Entre “challenge de démocratie” pour les territoires, leviers de réduction des inégalités pour des citoyens numériques, et outil de plus grande égalité entre les territoires, les rapports comme les conférences sur les enjeux socio-économiques du numérique se succèdent à un rythme sans doute sans équivalent depuis de longues années. Faut-il comprendre ce « phénomène » comme le signe avant-coureur du lancement d’un grand projet numérique national ? Est-ce au contraire une nouvelle démonstration de la force des hésitations qui agitent des pouvoirs, publics et privés, en déficit de projet ? L’avenir le dira. Une conclusion semble en tout cas définitivement s’imposer. Le chantier numérique national est bien avant tout un projet politique.

C’est d’ailleurs le sens de l’avant-propos de Valérie Peugeot, Vice‐ présidente du Conseil national du numérique, lorsqu’elle affirme que l’objectif principal des politiques numériques consiste à refuser l’accroissement des inégalités et à construire de nouvelles solidarités pour lutter contre « une forme de fatalisme dont on constate les ravages politiques ». C’est aussi, par exemple, l’esprit du rapport signé par Claudy Lebreton lorsqu’il présente le principal défi qui concerne « la manière dont nous saurons nous saisir de l’outil numérique dans sa capacité à métamorphoser notre système.»

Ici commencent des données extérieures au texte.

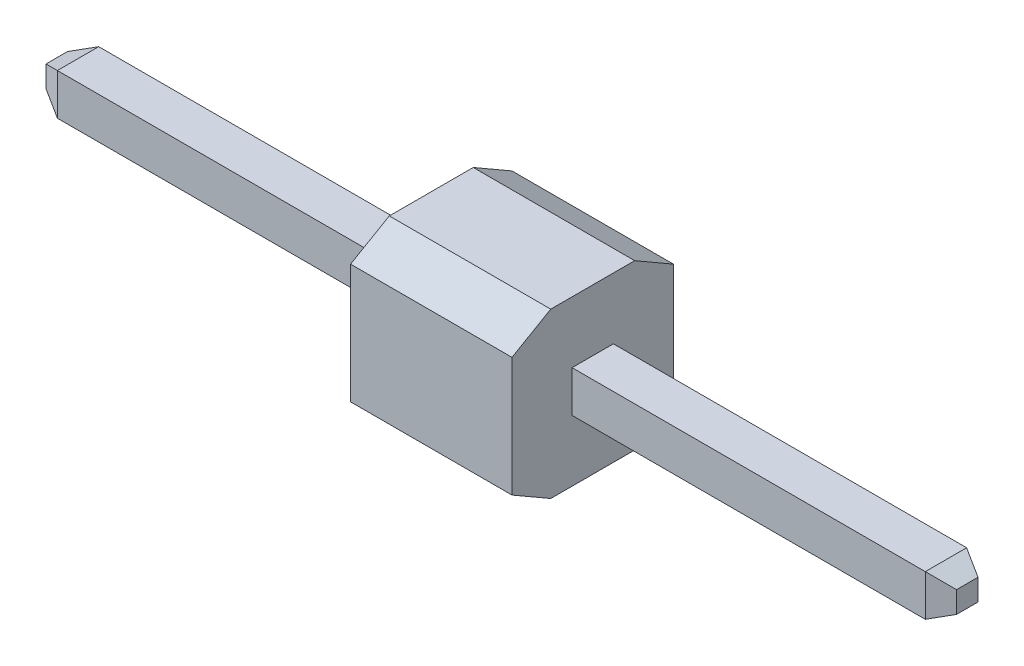
ISO-10303-21;
HEADER;
FILE_DESCRIPTION(('STEP AP214'),'2;1');
FILE_NAME('part.step','',(''),(''),'','','');
FILE_SCHEMA(('AUTOMOTIVE_DESIGN { 1 0 10303 214 1 1 1 1 }'));
ENDSEC;
DATA;
#1=APPLICATION_CONTEXT('core data for automotive mechanical design processes');
#2=APPLICATION_PROTOCOL_DEFINITION('international standard','automotive_design',2000,#1);
#3=PRODUCT_CONTEXT('',#1,'mechanical');
#4=PRODUCT('Part','Part','',(#3));
#5=PRODUCT_RELATED_PRODUCT_CATEGORY('part','',(#4));
#6=PRODUCT_DEFINITION_FORMATION('','',#4);
#7=PRODUCT_DEFINITION_CONTEXT('part definition',#1,'design');
#8=PRODUCT_DEFINITION('design','',#6,#7);
#9=PRODUCT_DEFINITION_SHAPE('','',#8);
#10=(LENGTH_UNIT() NAMED_UNIT(*) SI_UNIT(.MILLI.,.METRE.));
#11=(NAMED_UNIT(*) PLANE_ANGLE_UNIT() SI_UNIT($,.RADIAN.));
#12=(NAMED_UNIT(*) SI_UNIT($,.STERADIAN.) SOLID_ANGLE_UNIT());
#13=UNCERTAINTY_MEASURE_WITH_UNIT(LENGTH_MEASURE(1.E-05),#10,'distance_accuracy_value','');
#14=(GEOMETRIC_REPRESENTATION_CONTEXT(3) GLOBAL_UNCERTAINTY_ASSIGNED_CONTEXT((#13)) GLOBAL_UNIT_ASSIGNED_CONTEXT((#10,
#11,#12)) REPRESENTATION_CONTEXT('',''));
#15=CARTESIAN_POINT('',(0.,0.,0.));
#16=DIRECTION('',(0.,0.,1.));
#17=DIRECTION('',(1.,0.,0.));
#18=AXIS2_PLACEMENT_3D('',#15,#16,#17);
#19=CARTESIAN_POINT('',(5.42107527862679,-7.9371215871937,0.629998634255617));
#20=DIRECTION('',(1.,4.37113882867379E-08,-4.37113882867379E-08));
#21=DIRECTION('',(-4.37113882867379E-08,1.,0.));
#22=AXIS2_PLACEMENT_3D('',#19,#20,#21);
#23=PLANE('',#22);
#24=DIRECTION('',(1.59994777304463E-08,0.50000000000019,0.866025403784329));
#25=VECTOR('',#24,1.);
#26=CARTESIAN_POINT('',(5.42107515564087,-6.6935317487037,-0.940001365744382));
#27=LINE('',#26,#25);
#28=CARTESIAN_POINT('',(5.42107515564087,-6.6935317487037,-0.940001365744382));
#29=VERTEX_POINT('',#28);
#30=CARTESIAN_POINT('',(5.42107516672563,-6.3471215871937,-0.340001365744383));
#31=VERTEX_POINT('',#30);
#32=EDGE_CURVE('E11',#29,#31,#27,.T.);
#33=ORIENTED_EDGE('',*,*,#32,.T.);
#34=DIRECTION('',(4.37113886966664E-08,0.,0.999999999999999));
#35=VECTOR('',#34,1.);
#36=CARTESIAN_POINT('',(5.42107516672563,-6.3471215871937,-0.340001365744383));
#37=LINE('',#36,#35);
#38=CARTESIAN_POINT('',(5.42107522355044,-6.3471215871937,0.959998634255618));
#39=VERTEX_POINT('',#38);
#40=EDGE_CURVE('E304',#31,#39,#37,.T.);
#41=ORIENTED_EDGE('',*,*,#40,.T.);
#42=DIRECTION('',(5.97108668825761E-08,-0.500000000000186,0.86602540378433));
#43=VECTOR('',#42,1.);
#44=CARTESIAN_POINT('',(5.42107522355044,-6.3471215871937,0.959998634255618));
#45=LINE('',#44,#43);
#46=CARTESIAN_POINT('',(5.42107526491934,-6.69353174870369,1.55999863425562));
#47=VERTEX_POINT('',#46);
#48=EDGE_CURVE('E296',#39,#47,#45,.T.);
#49=ORIENTED_EDGE('',*,*,#48,.T.);
#50=DIRECTION('',(4.37113884815544E-08,-0.999999999999999,0.));
#51=VECTOR('',#50,1.);
#52=CARTESIAN_POINT('',(5.42107526491934,-6.69353174870369,1.55999863425562));
#53=LINE('',#52,#51);
#54=CARTESIAN_POINT('',(5.42107534566213,-8.5407114256737,1.55999863425562));
#55=VERTEX_POINT('',#54);
#56=EDGE_CURVE('E281',#47,#55,#53,.T.);
#57=ORIENTED_EDGE('',*,*,#56,.T.);
#58=DIRECTION('',(1.5999479012306E-08,0.500000000000192,0.866025403784328));
#59=VECTOR('',#58,1.);
#60=CARTESIAN_POINT('',(5.42107533457736,-8.8871215871937,0.959998634255618));
#61=LINE('',#60,#59);
#62=CARTESIAN_POINT('',(5.42107533457736,-8.8871215871937,0.959998634255618));
#63=VERTEX_POINT('',#62);
#64=EDGE_CURVE('E265',#63,#55,#61,.T.);
#65=ORIENTED_EDGE('',*,*,#64,.F.);
#66=DIRECTION('',(4.37113886966664E-08,0.,0.999999999999999));
#67=VECTOR('',#66,1.);
#68=CARTESIAN_POINT('',(5.42107527775256,-8.8871215871937,-0.340001365744383));
#69=LINE('',#68,#67);
#70=CARTESIAN_POINT('',(5.42107527775256,-8.8871215871937,-0.340001365744383));
#71=VERTEX_POINT('',#70);
#72=EDGE_CURVE('E248',#71,#63,#69,.T.);
#73=ORIENTED_EDGE('',*,*,#72,.F.);
#74=DIRECTION('',(5.97108656001701E-08,-0.500000000000187,0.866025403784328));
#75=VECTOR('',#74,1.);
#76=CARTESIAN_POINT('',(5.42107523638366,-8.5407114256737,-0.940001365744382));
#77=LINE('',#76,#75);
#78=CARTESIAN_POINT('',(5.42107523638366,-8.5407114256737,-0.940001365744382));
#79=VERTEX_POINT('',#78);
#80=EDGE_CURVE('E242',#79,#71,#77,.T.);
#81=ORIENTED_EDGE('',*,*,#80,.F.);
#82=DIRECTION('',(4.37113884815544E-08,-0.999999999999999,0.));
#83=VECTOR('',#82,1.);
#84=CARTESIAN_POINT('',(5.42107515564087,-6.6935317487037,-0.940001365744382));
#85=LINE('',#84,#83);
#86=EDGE_CURVE('E236',#29,#79,#85,.T.);
#87=ORIENTED_EDGE('',*,*,#86,.F.);
#88=EDGE_LOOP('',(#33,#41,#49,#57,#65,#73,#81,#87));
#89=FACE_BOUND('',#88,.T.);
#90=DIRECTION('',(-4.37113872875372E-08,0.,-0.999999999999999));
#91=VECTOR('',#90,1.);
#92=CARTESIAN_POINT('',(5.4210752506515,-7.2971215871937,0.629998634255617));
#93=LINE('',#92,#91);
#94=CARTESIAN_POINT('',(5.4210752506515,-7.2971215871937,0.629998634255617));
#95=VERTEX_POINT('',#94);
#96=CARTESIAN_POINT('',(5.42107522267621,-7.2971215871937,-0.0100013657443826));
#97=VERTEX_POINT('',#96);
#98=EDGE_CURVE('E302',#95,#97,#93,.T.);
#99=ORIENTED_EDGE('',*,*,#98,.T.);
#100=DIRECTION('',(-4.37113872875371E-08,0.999999999999999,0.));
#101=VECTOR('',#100,1.);
#102=CARTESIAN_POINT('',(5.4210752506515,-7.9371215871937,-0.0100013657443826));
#103=LINE('',#102,#101);
#104=CARTESIAN_POINT('',(5.4210752506515,-7.9371215871937,-0.0100013657443826));
#105=VERTEX_POINT('',#104);
#106=EDGE_CURVE('E293',#105,#97,#103,.T.);
#107=ORIENTED_EDGE('',*,*,#106,.F.);
#108=DIRECTION('',(-4.37113900630947E-08,0.,-0.999999999999999));
#109=VECTOR('',#108,1.);
#110=CARTESIAN_POINT('',(5.42107527862679,-7.9371215871937,0.629998634255617));
#111=LINE('',#110,#109);
#112=CARTESIAN_POINT('',(5.42107527862679,-7.9371215871937,0.629998634255617));
#113=VERTEX_POINT('',#112);
#114=EDGE_CURVE('E278',#113,#105,#111,.T.);
#115=ORIENTED_EDGE('',*,*,#114,.F.);
#116=DIRECTION('',(-4.37113900630947E-08,0.999999999999999,0.));
#117=VECTOR('',#116,1.);
#118=CARTESIAN_POINT('',(5.42107527862679,-7.9371215871937,0.629998634255617));
#119=LINE('',#118,#117);
#120=EDGE_CURVE('E263',#113,#95,#119,.T.);
#121=ORIENTED_EDGE('',*,*,#120,.T.);
#122=EDGE_LOOP('',(#99,#107,#115,#121));
#123=FACE_BOUND('',#122,.T.);
#124=ADVANCED_FACE('F17',(#89,#123),#23,.T.);
#125=CARTESIAN_POINT('',(2.92107527862679,-7.93712169647217,0.629998743534088));
#126=DIRECTION('',(1.,4.37113882867379E-08,-4.37113882867379E-08));
#127=DIRECTION('',(-4.37113882867379E-08,1.,0.));
#128=AXIS2_PLACEMENT_3D('',#125,#126,#127);
#129=PLANE('',#128);
#130=DIRECTION('',(1.59994783714339E-08,0.50000000000019,0.866025403784329));
#131=VECTOR('',#130,1.);
#132=CARTESIAN_POINT('',(2.92107515564087,-6.69353185798217,-0.940001256465912));
#133=LINE('',#132,#131);
#134=CARTESIAN_POINT('',(2.92107515564087,-6.69353185798217,-0.940001256465912));
#135=VERTEX_POINT('',#134);
#136=CARTESIAN_POINT('',(2.92107516672563,-6.34712169647217,-0.340001256465912));
#137=VERTEX_POINT('',#136);
#138=EDGE_CURVE('E24',#135,#137,#133,.T.);
#139=ORIENTED_EDGE('',*,*,#138,.F.);
#140=DIRECTION('',(4.37113882411396E-08,-0.999999999999999,0.));
#141=VECTOR('',#140,1.);
#142=CARTESIAN_POINT('',(2.92107515564087,-6.69353185798217,-0.940001256465912));
#143=LINE('',#142,#141);
#144=CARTESIAN_POINT('',(2.92107523638366,-8.54071153495217,-0.940001256465912));
#145=VERTEX_POINT('',#144);
#146=EDGE_CURVE('E300',#135,#145,#143,.T.);
#147=ORIENTED_EDGE('',*,*,#146,.T.);
#148=DIRECTION('',(5.97108668821452E-08,-0.500000000000187,0.866025403784328));
#149=VECTOR('',#148,1.);
#150=CARTESIAN_POINT('',(2.92107523638366,-8.54071153495217,-0.940001256465912));
#151=LINE('',#150,#149);
#152=CARTESIAN_POINT('',(2.92107527775256,-8.88712169647217,-0.340001256465912));
#153=VERTEX_POINT('',#152);
#154=EDGE_CURVE('E286',#145,#153,#151,.T.);
#155=ORIENTED_EDGE('',*,*,#154,.T.);
#156=DIRECTION('',(4.37113883550593E-08,0.,0.999999999999999));
#157=VECTOR('',#156,1.);
#158=CARTESIAN_POINT('',(2.92107527775256,-8.88712169647217,-0.340001256465912));
#159=LINE('',#158,#157);
#160=CARTESIAN_POINT('',(2.92107533457736,-8.88712169647217,0.959998743534088));
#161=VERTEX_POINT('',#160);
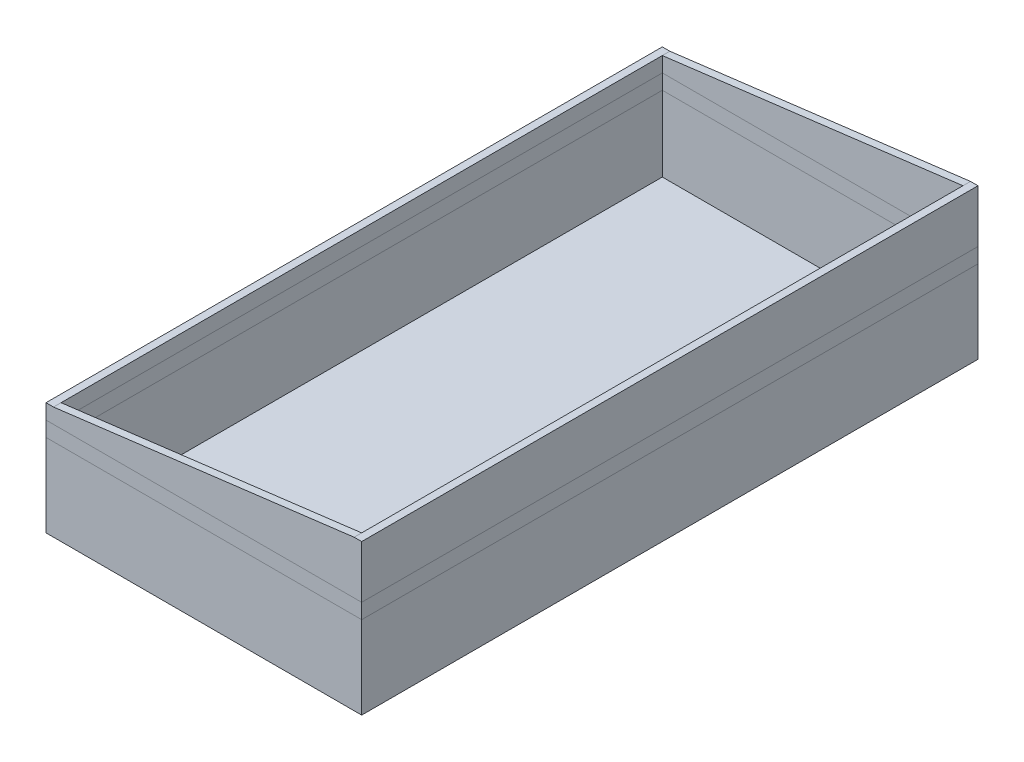
ISO-10303-21;
HEADER;
FILE_DESCRIPTION(('STEP AP214'),'2;1');
FILE_NAME('part.step','',(''),(''),'','','');
FILE_SCHEMA(('AUTOMOTIVE_DESIGN { 1 0 10303 214 1 1 1 1 }'));
ENDSEC;
DATA;
#1=APPLICATION_CONTEXT('core data for automotive mechanical design processes');
#2=APPLICATION_PROTOCOL_DEFINITION('international standard','automotive_design',2000,#1);
#3=PRODUCT_CONTEXT('',#1,'mechanical');
#4=PRODUCT('Part','Part','',(#3));
#5=PRODUCT_RELATED_PRODUCT_CATEGORY('part','',(#4));
#6=PRODUCT_DEFINITION_FORMATION('','',#4);
#7=PRODUCT_DEFINITION_CONTEXT('part definition',#1,'design');
#8=PRODUCT_DEFINITION('design','',#6,#7);
#9=PRODUCT_DEFINITION_SHAPE('','',#8);
#10=(LENGTH_UNIT() NAMED_UNIT(*) SI_UNIT(.MILLI.,.METRE.));
#11=(NAMED_UNIT(*) PLANE_ANGLE_UNIT() SI_UNIT($,.RADIAN.));
#12=(NAMED_UNIT(*) SI_UNIT($,.STERADIAN.) SOLID_ANGLE_UNIT());
#13=UNCERTAINTY_MEASURE_WITH_UNIT(LENGTH_MEASURE(1.E-05),#10,'distance_accuracy_value','');
#14=(GEOMETRIC_REPRESENTATION_CONTEXT(3) GLOBAL_UNCERTAINTY_ASSIGNED_CONTEXT((#13)) GLOBAL_UNIT_ASSIGNED_CONTEXT((#10,
#11,#12)) REPRESENTATION_CONTEXT('',''));
#15=CARTESIAN_POINT('',(0.,0.,0.));
#16=DIRECTION('',(0.,0.,1.));
#17=DIRECTION('',(1.,0.,0.));
#18=AXIS2_PLACEMENT_3D('',#15,#16,#17);
#19=CARTESIAN_POINT('',(-105.,0.,200.));
#20=DIRECTION('',(0.,0.,1.));
#21=DIRECTION('',(1.,0.,0.));
#22=AXIS2_PLACEMENT_3D('',#19,#20,#21);
#23=PLANE('',#22);
#24=DIRECTION('',(0.,1.,0.));
#25=VECTOR('',#24,1.);
#26=CARTESIAN_POINT('',(-100.,0.,200.));
#27=LINE('',#26,#25);
#28=CARTESIAN_POINT('',(-100.,65.,200.));
#29=VERTEX_POINT('',#28);
#30=CARTESIAN_POINT('',(-100.,75.,200.));
#31=VERTEX_POINT('',#30);
#32=EDGE_CURVE('P0_E20',#29,#31,#27,.T.);
#33=ORIENTED_EDGE('',*,*,#32,.T.);
#34=DIRECTION('',(0.992277876713668,0.124034734589208,0.));
#35=VECTOR('',#34,1.);
#36=CARTESIAN_POINT('',(100.,100.,200.));
#37=LINE('',#36,#35);
#38=CARTESIAN_POINT('',(100.,100.,200.));
#39=VERTEX_POINT('',#38);
#40=EDGE_CURVE('P0_E115',#31,#39,#37,.T.);
#41=ORIENTED_EDGE('',*,*,#40,.T.);
#42=DIRECTION('',(0.,1.,0.));
#43=VECTOR('',#42,1.);
#44=CARTESIAN_POINT('',(100.,0.,200.));
#45=LINE('',#44,#43);
#46=CARTESIAN_POINT('',(100.,65.,200.));
#47=VERTEX_POINT('',#46);
#48=EDGE_CURVE('P0_E133',#39,#47,#45,.F.);
#49=ORIENTED_EDGE('',*,*,#48,.T.);
#50=DIRECTION('',(1.,0.,0.));
#51=VECTOR('',#50,1.);
#52=CARTESIAN_POINT('',(-105.,65.,200.));
#53=LINE('',#52,#51);
#54=EDGE_CURVE('P0_E138',#29,#47,#53,.T.);
#55=ORIENTED_EDGE('',*,*,#54,.F.);
#56=EDGE_LOOP('',(#33,#41,#49,#55));
#57=FACE_BOUND('',#56,.T.);
#58=ADVANCED_FACE('P0_F17',(#57),#23,.F.);
#59=CARTESIAN_POINT('',(105.,0.,-200.));
#60=DIRECTION('',(0.,0.,-1.));
#61=DIRECTION('',(-1.,0.,0.));
#62=AXIS2_PLACEMENT_3D('',#59,#60,#61);
#63=PLANE('',#62);
#64=DIRECTION('',(0.,1.,0.));
#65=VECTOR('',#64,1.);
#66=CARTESIAN_POINT('',(100.,0.,-200.));
#67=LINE('',#66,#65);
#68=CARTESIAN_POINT('',(100.,65.,-200.));
#69=VERTEX_POINT('',#68);
#70=CARTESIAN_POINT('',(100.,100.,-200.));
#71=VERTEX_POINT('',#70);
#72=EDGE_CURVE('P0_E101',#69,#71,#67,.T.);
#73=ORIENTED_EDGE('',*,*,#72,.T.);
#74=DIRECTION('',(0.992277876713668,0.124034734589208,0.));
#75=VECTOR('',#74,1.);
#76=CARTESIAN_POINT('',(100.,100.,-200.));
#77=LINE('',#76,#75);
#78=CARTESIAN_POINT('',(-100.,75.,-200.));
#79=VERTEX_POINT('',#78);
#80=EDGE_CURVE('P0_E94',#71,#79,#77,.F.);
#81=ORIENTED_EDGE('',*,*,#80,.T.);
#82=DIRECTION('',(0.,1.,0.));
#83=VECTOR('',#82,1.);
#84=CARTESIAN_POINT('',(-100.,0.,-200.));
#85=LINE('',#84,#83);
#86=CARTESIAN_POINT('',(-100.,65.,-200.));
#87=VERTEX_POINT('',#86);
#88=EDGE_CURVE('P0_E99',#79,#87,#85,.F.);
#89=ORIENTED_EDGE('',*,*,#88,.T.);
#90=DIRECTION('',(1.,0.,0.));
#91=VECTOR('',#90,1.);
#92=CARTESIAN_POINT('',(-105.,65.,-200.));
#93=LINE('',#92,#91);
#94=EDGE_CURVE('P0_E145',#69,#87,#93,.F.);
#95=ORIENTED_EDGE('',*,*,#94,.F.);
#96=EDGE_LOOP('',(#73,#81,#89,#95));
#97=FACE_BOUND('',#96,.T.);
#98=ADVANCED_FACE('P0_F96',(#97),#63,.F.);
#99=CARTESIAN_POINT('',(-100.,0.,-205.));
#100=DIRECTION('',(-1.,0.,0.));
#101=DIRECTION('',(0.,0.,1.));
#102=AXIS2_PLACEMENT_3D('',#99,#100,#101);
#103=PLANE('',#102);
#104=ORIENTED_EDGE('',*,*,#88,.F.);
#105=DIRECTION('',(0.,0.,-1.));
#106=VECTOR('',#105,1.);
#107=CARTESIAN_POINT('',(-100.,75.,205.));
#108=LINE('',#107,#106);
#109=EDGE_CURVE('P0_E114',#79,#31,#108,.F.);
#110=ORIENTED_EDGE('',*,*,#109,.T.);
#111=ORIENTED_EDGE('',*,*,#32,.F.);
#112=DIRECTION('',(0.,0.,-1.));
#113=VECTOR('',#112,1.);
#114=CARTESIAN_POINT('',(-100.,65.,-205.001));
#115=LINE('',#114,#113);
#116=EDGE_CURVE('P0_E121',#87,#29,#115,.F.);
#117=ORIENTED_EDGE('',*,*,#116,.F.);
#118=EDGE_LOOP('',(#104,#110,#111,#117));
#119=FACE_BOUND('',#118,.T.);
#120=ADVANCED_FACE('P0_F118',(#119),#103,.F.);
#121=CARTESIAN_POINT('',(100.,100.,205.));
#122=DIRECTION('',(0.124034734589208,-0.992277876713668,0.));
#123=DIRECTION('',(0.992277876713668,0.124034734589208,0.));
#124=AXIS2_PLACEMENT_3D('',#121,#122,#123);
#125=PLANE('',#124);
#126=DIRECTION('',(0.,0.,-1.));
#127=VECTOR('',#126,1.);
#128=CARTESIAN_POINT('',(-100.,75.,205.));
#129=LINE('',#128,#127);
#130=CARTESIAN_POINT('',(-100.000000000001,75.,-205.));
#131=VERTEX_POINT('',#130);
#132=EDGE_CURVE('P0_E106',#131,#79,#129,.F.);
#133=ORIENTED_EDGE('',*,*,#132,.T.);
#134=ORIENTED_EDGE('',*,*,#80,.F.);
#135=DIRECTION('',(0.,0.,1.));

Quand va-t-on passer des rapports au projet ?

L’un des enjeux majeurs des politiques numériques publiques consiste donc bien à inventer une nouvelle manière de faire de la politique, c’est-à-dire schématiquement à utiliser les liens polymorphes qui relient individus, élus et territoires pour co-construire et travailler ensemble. Cette conviction, encore quelque peu iconoclaste voici quelques années, devient désormais un objectif largement partagé. C’est une bonne nouvelle et un formidable chantier. C’est même sans doute l’un de ces rares grands projets à même de pouvoir enfin concilier refondation démocratique, nouvelles constructions socio-économiques et inventions environnementales. Au pire, convenons que c’est au moins une utopie créatrice de quelques-unes de ces dynamiques qui font cruellement faire à notre pays de 2013.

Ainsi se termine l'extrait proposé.